Here at Mutiny, we are building a no-code conversion platform that enables companies to personalize their customer journey and close more revenue. Fast data delivery is a critical part of our product and is at the core of engineering at Mutiny. We make real-time decisions about what a user should see on customer websites and need an API to serve this information reliably — we call this service "user data". Today, our user data service handles up to 100M requests per month and is rapidly growing as we acquire new customers.

Let's look at an example of this in action. Imagine a Mutiny customer deployed a banner on their homepage to promote a set of new premium features to paying customers who have not yet upgraded. When a user clicks through this banner and switches to the premium plan, our events API processes this information. Now when the user returns to the homepage just a few clicks later, Mutiny must return the latest data about the user and hide the banner as the user no longer fits the criteria for the experience.

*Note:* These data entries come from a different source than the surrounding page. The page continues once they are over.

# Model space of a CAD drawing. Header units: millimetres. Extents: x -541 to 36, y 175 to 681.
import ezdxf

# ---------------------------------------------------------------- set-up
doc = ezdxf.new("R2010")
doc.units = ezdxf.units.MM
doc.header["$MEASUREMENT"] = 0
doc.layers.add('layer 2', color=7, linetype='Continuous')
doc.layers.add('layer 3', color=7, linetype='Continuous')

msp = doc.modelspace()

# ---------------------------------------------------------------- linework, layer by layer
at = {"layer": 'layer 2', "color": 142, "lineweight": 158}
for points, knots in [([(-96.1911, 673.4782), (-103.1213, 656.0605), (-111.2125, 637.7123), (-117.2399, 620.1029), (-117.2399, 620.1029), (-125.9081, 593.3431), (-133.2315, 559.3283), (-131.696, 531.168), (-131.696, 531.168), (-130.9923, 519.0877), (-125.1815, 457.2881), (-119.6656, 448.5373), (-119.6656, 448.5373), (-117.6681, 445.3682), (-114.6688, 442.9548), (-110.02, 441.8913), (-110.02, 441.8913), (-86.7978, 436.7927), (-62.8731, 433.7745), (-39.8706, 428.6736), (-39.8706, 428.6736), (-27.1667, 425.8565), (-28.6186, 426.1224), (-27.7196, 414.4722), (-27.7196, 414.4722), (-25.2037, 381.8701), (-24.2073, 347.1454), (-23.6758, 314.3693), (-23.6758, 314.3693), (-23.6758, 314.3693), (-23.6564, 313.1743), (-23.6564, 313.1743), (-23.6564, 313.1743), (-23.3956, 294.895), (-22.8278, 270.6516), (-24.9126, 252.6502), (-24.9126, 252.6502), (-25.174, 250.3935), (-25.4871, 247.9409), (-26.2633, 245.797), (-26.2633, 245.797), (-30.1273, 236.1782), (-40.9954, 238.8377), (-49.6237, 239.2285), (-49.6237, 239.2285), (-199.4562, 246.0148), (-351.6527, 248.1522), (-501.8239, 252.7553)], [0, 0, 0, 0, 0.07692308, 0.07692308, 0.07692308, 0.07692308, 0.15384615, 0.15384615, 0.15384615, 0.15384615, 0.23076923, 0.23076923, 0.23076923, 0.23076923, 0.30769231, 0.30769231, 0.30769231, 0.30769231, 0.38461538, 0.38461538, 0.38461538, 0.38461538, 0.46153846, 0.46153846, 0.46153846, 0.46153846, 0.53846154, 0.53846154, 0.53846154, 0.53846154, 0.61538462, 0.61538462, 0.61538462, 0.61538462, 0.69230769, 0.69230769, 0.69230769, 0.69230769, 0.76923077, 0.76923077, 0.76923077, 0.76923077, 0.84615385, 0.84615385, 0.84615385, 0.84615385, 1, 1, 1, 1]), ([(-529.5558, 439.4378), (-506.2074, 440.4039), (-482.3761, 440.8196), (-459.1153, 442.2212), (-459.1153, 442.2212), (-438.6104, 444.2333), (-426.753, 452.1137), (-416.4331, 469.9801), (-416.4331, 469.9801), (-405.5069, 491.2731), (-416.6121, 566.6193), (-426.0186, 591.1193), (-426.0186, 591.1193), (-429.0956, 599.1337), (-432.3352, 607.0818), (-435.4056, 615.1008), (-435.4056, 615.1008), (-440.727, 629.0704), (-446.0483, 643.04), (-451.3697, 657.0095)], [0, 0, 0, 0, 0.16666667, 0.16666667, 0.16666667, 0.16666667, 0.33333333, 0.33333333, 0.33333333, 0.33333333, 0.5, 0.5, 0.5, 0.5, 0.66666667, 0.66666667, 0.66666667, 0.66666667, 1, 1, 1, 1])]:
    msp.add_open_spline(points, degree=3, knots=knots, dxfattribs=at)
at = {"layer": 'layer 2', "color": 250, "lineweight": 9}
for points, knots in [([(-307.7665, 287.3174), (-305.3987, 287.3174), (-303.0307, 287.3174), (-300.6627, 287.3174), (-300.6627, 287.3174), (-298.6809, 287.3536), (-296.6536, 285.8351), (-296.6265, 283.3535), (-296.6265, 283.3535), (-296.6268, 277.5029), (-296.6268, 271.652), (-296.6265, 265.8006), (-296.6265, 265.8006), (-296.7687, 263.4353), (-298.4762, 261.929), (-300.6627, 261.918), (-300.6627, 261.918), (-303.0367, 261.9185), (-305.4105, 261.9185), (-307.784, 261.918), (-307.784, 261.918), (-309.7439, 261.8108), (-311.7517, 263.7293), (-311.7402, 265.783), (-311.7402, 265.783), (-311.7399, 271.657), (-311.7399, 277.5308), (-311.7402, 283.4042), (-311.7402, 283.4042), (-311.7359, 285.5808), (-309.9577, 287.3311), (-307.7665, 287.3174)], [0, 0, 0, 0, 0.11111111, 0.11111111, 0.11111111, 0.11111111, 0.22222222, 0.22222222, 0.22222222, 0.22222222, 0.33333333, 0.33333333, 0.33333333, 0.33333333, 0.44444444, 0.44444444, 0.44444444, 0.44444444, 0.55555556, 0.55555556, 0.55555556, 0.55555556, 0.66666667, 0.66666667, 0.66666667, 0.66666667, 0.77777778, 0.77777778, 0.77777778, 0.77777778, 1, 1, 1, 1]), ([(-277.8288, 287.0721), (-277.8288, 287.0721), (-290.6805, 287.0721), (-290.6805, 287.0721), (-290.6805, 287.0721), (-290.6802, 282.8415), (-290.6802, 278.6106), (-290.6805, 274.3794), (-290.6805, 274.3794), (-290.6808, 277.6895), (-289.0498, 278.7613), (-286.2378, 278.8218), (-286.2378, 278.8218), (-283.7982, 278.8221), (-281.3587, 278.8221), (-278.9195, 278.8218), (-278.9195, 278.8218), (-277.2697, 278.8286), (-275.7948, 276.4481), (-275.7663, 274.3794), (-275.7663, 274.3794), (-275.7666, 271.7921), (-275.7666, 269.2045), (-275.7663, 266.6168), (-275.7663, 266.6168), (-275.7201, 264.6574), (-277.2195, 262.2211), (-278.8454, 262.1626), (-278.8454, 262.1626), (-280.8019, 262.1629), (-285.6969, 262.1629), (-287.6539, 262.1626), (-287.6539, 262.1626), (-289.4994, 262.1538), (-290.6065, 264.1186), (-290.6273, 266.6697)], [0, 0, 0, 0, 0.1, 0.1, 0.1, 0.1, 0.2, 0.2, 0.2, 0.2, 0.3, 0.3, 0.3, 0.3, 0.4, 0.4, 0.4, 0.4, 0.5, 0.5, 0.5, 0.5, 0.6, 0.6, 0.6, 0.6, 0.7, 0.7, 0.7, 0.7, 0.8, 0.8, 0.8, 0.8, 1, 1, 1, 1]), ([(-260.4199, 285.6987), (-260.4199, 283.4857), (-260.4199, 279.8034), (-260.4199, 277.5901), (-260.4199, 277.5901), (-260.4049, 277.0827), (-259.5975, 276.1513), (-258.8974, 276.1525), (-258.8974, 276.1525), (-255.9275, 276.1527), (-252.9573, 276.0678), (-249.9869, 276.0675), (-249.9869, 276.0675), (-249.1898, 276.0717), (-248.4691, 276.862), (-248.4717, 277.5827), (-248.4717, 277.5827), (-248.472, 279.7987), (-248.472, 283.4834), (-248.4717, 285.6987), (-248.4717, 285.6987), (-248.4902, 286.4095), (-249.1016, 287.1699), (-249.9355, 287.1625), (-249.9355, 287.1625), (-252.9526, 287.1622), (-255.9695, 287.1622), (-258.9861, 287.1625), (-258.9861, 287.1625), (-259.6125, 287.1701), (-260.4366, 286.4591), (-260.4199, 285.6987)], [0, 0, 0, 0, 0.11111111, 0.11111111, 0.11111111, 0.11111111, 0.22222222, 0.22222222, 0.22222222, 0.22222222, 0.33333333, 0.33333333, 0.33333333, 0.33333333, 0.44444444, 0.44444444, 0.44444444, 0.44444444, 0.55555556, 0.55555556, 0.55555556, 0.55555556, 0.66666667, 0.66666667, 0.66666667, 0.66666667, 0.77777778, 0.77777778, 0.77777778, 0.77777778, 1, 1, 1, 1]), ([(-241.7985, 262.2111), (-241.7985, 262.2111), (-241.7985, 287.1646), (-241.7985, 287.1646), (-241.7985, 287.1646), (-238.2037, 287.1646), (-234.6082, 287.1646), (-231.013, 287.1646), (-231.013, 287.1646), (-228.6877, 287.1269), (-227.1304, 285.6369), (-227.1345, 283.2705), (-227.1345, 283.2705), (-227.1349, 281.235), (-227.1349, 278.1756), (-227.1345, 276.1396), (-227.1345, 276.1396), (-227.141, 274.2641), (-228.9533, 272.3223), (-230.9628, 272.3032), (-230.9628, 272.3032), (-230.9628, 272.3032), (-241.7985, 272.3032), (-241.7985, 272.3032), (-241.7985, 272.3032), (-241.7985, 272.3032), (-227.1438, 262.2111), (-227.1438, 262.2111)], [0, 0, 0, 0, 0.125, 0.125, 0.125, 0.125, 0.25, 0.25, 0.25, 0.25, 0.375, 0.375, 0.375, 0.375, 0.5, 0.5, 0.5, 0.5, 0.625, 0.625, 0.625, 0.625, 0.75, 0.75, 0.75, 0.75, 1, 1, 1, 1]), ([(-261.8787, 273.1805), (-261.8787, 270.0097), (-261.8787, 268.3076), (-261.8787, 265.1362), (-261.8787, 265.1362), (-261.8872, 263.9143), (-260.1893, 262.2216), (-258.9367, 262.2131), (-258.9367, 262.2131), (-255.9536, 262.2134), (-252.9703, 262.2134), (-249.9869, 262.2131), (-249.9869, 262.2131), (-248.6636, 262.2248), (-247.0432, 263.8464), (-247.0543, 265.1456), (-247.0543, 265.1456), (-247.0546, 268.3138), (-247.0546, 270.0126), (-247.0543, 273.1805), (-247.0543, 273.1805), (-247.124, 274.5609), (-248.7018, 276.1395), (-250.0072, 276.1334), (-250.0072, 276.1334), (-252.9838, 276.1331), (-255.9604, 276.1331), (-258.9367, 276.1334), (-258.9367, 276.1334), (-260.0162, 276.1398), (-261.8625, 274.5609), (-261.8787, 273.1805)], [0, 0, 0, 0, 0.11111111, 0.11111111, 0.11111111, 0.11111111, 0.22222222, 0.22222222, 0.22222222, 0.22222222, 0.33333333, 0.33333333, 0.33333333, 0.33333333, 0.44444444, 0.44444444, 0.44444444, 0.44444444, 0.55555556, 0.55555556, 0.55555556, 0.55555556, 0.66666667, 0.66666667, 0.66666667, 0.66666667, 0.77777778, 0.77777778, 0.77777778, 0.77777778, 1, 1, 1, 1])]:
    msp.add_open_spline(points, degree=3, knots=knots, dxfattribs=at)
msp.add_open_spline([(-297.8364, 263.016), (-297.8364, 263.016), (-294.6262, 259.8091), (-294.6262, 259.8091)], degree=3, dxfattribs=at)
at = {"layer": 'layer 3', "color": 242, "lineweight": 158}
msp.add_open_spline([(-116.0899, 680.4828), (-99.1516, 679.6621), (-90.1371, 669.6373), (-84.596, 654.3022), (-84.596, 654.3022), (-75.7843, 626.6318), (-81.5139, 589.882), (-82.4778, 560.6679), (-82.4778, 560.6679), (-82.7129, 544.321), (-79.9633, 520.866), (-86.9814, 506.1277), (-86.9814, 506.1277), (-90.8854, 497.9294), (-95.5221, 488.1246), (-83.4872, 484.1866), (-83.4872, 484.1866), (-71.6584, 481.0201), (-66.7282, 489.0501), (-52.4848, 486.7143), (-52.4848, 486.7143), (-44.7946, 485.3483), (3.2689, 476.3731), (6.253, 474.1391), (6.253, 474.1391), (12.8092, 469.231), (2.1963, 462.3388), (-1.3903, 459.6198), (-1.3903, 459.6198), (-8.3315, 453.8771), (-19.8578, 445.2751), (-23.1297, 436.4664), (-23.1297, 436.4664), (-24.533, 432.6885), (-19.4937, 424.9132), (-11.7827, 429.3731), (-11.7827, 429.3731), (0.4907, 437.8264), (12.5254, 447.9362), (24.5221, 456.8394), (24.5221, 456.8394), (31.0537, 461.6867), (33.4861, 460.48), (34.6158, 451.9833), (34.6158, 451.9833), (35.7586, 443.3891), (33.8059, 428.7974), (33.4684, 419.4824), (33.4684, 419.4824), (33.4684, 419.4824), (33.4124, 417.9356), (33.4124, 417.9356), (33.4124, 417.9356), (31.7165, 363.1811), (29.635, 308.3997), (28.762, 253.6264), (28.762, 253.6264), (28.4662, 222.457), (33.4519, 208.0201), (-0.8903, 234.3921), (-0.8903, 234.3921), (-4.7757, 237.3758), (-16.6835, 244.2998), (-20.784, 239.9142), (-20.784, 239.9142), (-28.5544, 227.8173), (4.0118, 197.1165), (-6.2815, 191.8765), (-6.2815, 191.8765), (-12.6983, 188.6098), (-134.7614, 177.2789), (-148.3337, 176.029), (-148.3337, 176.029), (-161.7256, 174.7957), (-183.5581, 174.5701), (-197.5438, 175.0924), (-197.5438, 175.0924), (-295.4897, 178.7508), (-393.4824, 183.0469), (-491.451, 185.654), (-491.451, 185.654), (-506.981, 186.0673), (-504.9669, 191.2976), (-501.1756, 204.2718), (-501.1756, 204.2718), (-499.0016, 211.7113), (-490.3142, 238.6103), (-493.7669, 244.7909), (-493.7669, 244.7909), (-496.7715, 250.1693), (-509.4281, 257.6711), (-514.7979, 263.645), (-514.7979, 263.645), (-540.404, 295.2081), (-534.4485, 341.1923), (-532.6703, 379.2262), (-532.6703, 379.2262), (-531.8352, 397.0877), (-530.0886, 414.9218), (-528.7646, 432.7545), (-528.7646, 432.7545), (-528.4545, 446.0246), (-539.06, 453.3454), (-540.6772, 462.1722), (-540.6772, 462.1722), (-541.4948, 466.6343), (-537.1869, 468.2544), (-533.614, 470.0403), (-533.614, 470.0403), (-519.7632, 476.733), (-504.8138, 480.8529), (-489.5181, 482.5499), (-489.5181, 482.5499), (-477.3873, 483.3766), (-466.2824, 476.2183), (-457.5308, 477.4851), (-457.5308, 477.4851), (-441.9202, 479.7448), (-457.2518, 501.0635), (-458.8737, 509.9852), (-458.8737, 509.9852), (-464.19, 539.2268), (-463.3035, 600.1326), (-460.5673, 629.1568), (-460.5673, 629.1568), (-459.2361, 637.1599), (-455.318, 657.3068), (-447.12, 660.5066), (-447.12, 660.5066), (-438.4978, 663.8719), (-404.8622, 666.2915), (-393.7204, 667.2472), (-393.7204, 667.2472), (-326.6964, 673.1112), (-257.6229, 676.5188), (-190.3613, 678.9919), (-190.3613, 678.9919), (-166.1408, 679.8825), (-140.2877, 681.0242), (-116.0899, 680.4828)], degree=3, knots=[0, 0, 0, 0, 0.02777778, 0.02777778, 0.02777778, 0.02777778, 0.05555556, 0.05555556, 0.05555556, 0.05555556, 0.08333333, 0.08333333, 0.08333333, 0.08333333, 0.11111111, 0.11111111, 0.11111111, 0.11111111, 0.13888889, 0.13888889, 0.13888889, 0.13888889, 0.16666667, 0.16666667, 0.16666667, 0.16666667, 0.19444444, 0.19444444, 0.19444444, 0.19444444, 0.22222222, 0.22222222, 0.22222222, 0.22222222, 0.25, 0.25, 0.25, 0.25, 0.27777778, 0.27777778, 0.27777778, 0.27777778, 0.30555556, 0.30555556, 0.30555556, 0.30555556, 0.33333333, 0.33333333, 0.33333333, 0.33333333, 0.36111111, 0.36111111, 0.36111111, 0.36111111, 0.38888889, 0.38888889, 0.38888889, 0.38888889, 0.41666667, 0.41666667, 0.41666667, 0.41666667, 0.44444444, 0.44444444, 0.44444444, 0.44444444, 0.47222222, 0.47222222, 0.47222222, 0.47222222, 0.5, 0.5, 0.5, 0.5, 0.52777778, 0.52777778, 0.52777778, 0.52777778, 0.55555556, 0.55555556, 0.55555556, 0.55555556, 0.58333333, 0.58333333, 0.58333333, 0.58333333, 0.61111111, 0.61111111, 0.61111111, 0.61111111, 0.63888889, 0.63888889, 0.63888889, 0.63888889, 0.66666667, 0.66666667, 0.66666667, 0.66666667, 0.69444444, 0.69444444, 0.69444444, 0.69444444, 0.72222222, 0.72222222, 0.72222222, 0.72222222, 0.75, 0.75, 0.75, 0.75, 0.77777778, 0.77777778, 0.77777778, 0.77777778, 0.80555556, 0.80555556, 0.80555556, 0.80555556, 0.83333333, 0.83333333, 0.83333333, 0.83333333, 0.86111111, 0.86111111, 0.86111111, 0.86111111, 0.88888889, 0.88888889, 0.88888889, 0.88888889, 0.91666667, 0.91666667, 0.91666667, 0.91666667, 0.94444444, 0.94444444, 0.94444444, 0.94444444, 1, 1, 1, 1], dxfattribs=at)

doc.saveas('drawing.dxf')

In traditional web applications, this API would be served directly by web servers that can pull the most up to date information from the database. This approach lends itself to the real-time nature of our system, where data changes in response to user actions or customer configuration changes such as adding a new data source or deploying a new experience. However, we serve these requests on public websites where traffic is globally distributed at a much higher scale and consistently fetching from our web servers would be costly and lack performance. As a result, we use a CDN in front of our user data service to maintain delivery speeds as our product continues to scale.